Records from a data source:
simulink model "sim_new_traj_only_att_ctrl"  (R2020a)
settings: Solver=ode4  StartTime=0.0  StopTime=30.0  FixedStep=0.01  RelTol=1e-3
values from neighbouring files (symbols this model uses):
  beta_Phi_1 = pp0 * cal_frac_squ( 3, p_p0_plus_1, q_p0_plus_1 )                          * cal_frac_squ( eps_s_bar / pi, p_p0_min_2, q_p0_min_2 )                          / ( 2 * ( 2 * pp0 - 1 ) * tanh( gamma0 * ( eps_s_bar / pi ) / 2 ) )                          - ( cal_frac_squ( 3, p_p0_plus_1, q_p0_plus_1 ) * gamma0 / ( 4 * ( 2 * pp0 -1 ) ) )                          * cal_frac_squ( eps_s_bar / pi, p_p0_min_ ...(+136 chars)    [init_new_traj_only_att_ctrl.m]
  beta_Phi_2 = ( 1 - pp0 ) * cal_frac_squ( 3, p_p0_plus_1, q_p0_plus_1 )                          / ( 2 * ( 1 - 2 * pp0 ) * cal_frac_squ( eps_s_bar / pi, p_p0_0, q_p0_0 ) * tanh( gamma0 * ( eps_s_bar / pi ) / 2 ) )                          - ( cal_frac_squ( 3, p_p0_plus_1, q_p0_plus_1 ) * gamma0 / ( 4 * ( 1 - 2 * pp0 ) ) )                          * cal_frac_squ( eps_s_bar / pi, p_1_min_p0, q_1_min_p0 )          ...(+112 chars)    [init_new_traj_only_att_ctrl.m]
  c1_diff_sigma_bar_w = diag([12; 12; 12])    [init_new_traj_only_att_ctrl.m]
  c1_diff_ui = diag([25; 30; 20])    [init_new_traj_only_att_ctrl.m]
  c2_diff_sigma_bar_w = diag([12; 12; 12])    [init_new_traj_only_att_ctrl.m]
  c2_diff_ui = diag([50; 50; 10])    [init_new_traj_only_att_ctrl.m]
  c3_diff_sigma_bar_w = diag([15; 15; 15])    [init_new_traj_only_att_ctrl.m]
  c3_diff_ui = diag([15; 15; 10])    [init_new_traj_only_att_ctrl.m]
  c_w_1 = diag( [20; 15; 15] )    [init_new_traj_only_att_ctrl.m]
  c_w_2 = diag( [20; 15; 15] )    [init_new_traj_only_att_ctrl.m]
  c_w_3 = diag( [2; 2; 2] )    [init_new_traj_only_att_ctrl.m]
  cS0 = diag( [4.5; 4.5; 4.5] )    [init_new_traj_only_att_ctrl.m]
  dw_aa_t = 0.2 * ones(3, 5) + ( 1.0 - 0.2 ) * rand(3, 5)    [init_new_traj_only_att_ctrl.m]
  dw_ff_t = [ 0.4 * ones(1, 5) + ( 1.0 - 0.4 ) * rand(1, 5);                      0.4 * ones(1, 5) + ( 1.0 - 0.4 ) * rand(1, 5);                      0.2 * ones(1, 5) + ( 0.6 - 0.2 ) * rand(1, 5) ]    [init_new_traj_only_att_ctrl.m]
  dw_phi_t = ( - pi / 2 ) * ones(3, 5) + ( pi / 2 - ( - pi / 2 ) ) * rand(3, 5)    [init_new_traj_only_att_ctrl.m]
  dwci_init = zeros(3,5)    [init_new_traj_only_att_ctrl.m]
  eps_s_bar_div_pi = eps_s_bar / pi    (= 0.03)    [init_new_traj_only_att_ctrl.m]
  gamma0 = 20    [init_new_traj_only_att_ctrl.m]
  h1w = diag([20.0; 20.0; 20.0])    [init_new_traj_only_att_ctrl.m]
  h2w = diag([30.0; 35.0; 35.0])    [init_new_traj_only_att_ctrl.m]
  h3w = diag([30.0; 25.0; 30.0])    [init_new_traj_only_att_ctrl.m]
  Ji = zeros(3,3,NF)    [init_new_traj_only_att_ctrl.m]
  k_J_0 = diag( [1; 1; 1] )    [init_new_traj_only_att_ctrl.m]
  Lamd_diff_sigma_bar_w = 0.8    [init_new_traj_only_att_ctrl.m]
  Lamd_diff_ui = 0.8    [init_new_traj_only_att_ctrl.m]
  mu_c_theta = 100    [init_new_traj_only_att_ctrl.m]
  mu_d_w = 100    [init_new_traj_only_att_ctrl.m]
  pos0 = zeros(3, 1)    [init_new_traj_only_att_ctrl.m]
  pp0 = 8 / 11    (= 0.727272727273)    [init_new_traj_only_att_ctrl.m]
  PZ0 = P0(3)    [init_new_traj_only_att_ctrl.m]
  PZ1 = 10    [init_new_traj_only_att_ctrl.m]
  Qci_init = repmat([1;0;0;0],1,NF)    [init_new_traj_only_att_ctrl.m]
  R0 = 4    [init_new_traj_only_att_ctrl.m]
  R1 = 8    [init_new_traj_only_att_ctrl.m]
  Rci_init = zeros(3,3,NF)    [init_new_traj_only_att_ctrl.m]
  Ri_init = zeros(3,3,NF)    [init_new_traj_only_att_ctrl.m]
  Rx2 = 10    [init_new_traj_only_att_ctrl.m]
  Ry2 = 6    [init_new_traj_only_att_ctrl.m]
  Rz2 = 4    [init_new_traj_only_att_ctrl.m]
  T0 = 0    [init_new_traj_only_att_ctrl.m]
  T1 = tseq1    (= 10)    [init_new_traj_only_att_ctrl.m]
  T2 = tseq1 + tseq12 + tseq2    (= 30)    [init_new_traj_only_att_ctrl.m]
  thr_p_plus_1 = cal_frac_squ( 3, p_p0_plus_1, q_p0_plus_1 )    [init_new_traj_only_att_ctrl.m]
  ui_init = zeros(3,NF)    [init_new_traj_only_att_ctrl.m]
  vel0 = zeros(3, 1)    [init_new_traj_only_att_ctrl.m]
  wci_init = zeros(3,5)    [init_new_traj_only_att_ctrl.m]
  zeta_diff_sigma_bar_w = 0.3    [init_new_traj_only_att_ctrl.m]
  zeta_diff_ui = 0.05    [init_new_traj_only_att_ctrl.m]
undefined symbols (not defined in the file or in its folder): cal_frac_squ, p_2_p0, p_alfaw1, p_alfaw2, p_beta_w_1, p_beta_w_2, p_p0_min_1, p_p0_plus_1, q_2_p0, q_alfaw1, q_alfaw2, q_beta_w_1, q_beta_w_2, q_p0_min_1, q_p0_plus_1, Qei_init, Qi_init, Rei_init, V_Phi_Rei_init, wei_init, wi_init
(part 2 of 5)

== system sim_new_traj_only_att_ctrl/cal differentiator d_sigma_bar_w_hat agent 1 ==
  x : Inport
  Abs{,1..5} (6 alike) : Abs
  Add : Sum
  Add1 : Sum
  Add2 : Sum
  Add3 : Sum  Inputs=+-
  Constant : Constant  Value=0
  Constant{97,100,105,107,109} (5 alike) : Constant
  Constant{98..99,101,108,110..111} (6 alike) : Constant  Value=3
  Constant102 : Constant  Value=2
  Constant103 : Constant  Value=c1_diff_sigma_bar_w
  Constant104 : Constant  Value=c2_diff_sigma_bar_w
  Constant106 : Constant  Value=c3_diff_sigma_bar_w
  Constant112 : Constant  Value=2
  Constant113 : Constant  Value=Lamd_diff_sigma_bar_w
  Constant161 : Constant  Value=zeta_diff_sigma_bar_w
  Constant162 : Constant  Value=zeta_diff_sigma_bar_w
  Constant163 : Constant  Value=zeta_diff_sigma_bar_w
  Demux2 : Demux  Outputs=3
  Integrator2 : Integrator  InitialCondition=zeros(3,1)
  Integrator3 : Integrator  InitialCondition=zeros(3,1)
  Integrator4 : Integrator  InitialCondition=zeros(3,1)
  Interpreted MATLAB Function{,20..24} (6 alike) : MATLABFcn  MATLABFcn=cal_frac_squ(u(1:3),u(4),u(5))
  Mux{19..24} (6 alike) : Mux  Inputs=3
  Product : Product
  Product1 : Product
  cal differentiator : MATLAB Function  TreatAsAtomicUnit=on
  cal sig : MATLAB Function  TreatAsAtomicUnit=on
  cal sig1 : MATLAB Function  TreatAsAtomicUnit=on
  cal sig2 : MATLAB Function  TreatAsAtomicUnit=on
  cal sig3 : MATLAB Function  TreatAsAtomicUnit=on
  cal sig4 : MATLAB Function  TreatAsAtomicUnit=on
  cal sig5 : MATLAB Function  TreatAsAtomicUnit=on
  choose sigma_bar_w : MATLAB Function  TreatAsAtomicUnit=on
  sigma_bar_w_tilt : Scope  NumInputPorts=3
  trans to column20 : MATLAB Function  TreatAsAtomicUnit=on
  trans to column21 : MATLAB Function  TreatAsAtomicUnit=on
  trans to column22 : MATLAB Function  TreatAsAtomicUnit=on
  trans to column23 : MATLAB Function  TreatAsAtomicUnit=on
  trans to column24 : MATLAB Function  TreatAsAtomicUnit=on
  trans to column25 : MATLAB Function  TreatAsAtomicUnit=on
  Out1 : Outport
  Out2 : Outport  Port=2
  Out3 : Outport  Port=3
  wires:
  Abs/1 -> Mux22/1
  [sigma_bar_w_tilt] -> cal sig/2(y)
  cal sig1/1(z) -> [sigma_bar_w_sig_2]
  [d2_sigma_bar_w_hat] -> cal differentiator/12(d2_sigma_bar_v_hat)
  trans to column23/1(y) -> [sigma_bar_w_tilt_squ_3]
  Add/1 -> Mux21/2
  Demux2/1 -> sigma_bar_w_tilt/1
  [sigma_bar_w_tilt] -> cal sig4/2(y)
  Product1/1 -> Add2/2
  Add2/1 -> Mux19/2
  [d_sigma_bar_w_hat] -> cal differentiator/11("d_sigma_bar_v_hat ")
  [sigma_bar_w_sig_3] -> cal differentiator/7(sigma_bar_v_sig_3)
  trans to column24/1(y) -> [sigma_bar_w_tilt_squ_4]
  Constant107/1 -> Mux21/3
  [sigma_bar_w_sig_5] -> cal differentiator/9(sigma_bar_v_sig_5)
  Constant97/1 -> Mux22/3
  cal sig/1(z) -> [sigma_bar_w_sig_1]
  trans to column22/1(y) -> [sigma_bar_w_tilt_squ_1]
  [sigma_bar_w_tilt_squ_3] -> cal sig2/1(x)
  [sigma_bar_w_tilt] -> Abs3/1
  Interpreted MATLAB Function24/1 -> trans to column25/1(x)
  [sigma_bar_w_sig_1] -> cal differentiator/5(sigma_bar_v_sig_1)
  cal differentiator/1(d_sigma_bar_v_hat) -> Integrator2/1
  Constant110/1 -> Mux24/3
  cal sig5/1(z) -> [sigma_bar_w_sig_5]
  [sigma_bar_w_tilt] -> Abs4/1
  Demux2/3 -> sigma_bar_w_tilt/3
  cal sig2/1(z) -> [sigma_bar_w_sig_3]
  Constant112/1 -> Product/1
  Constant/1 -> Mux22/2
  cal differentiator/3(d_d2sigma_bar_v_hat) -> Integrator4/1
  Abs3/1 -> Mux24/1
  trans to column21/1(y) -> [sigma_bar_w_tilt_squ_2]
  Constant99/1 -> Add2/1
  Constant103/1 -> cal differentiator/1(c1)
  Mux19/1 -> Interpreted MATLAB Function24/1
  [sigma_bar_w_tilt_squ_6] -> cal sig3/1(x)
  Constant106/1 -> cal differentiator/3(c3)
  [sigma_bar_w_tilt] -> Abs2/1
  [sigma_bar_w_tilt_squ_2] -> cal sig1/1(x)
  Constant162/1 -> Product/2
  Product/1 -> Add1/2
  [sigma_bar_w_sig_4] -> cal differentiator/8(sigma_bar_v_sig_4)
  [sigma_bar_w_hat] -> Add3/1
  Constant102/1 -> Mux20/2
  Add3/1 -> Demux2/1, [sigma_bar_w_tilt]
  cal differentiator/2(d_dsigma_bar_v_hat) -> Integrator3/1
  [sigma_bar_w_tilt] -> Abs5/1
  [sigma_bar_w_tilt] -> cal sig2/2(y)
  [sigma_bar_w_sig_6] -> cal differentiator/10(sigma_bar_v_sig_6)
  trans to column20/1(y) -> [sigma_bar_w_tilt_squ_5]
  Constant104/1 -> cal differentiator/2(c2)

THE PROBLEM:
From the entries above, give again exactly the lines running from the line with "[sigma_bar_w_tilt] -> cal sig4/2(y)" to the line with "[sigma_bar_w_sig_1] -> cal"; include both of those lines.

EXERCISE RESPONSE:
  [sigma_bar_w_tilt] -> cal sig4/2(y)
  Product1/1 -> Add2/2
  Add2/1 -> Mux19/2
  [d_sigma_bar_w_hat] -> cal differentiator/11("d_sigma_bar_v_hat ")
  [sigma_bar_w_sig_3] -> cal differentiator/7(sigma_bar_v_sig_3)
  trans to column24/1(y) -> [sigma_bar_w_tilt_squ_4]
  Constant107/1 -> Mux21/3
  [sigma_bar_w_sig_5] -> cal differentiator/9(sigma_bar_v_sig_5)
  Constant97/1 -> Mux22/3
  cal sig/1(z) -> [sigma_bar_w_sig_1]
  trans to column22/1(y) -> [sigma_bar_w_tilt_squ_1]
  [sigma_bar_w_tilt_squ_3] -> cal sig2/1(x)
  [sigma_bar_w_tilt] -> Abs3/1
  Interpreted MATLAB Function24/1 -> trans to column25/1(x)
  [sigma_bar_w_sig_1] -> cal differentiator/5(sigma_bar_v_sig_1)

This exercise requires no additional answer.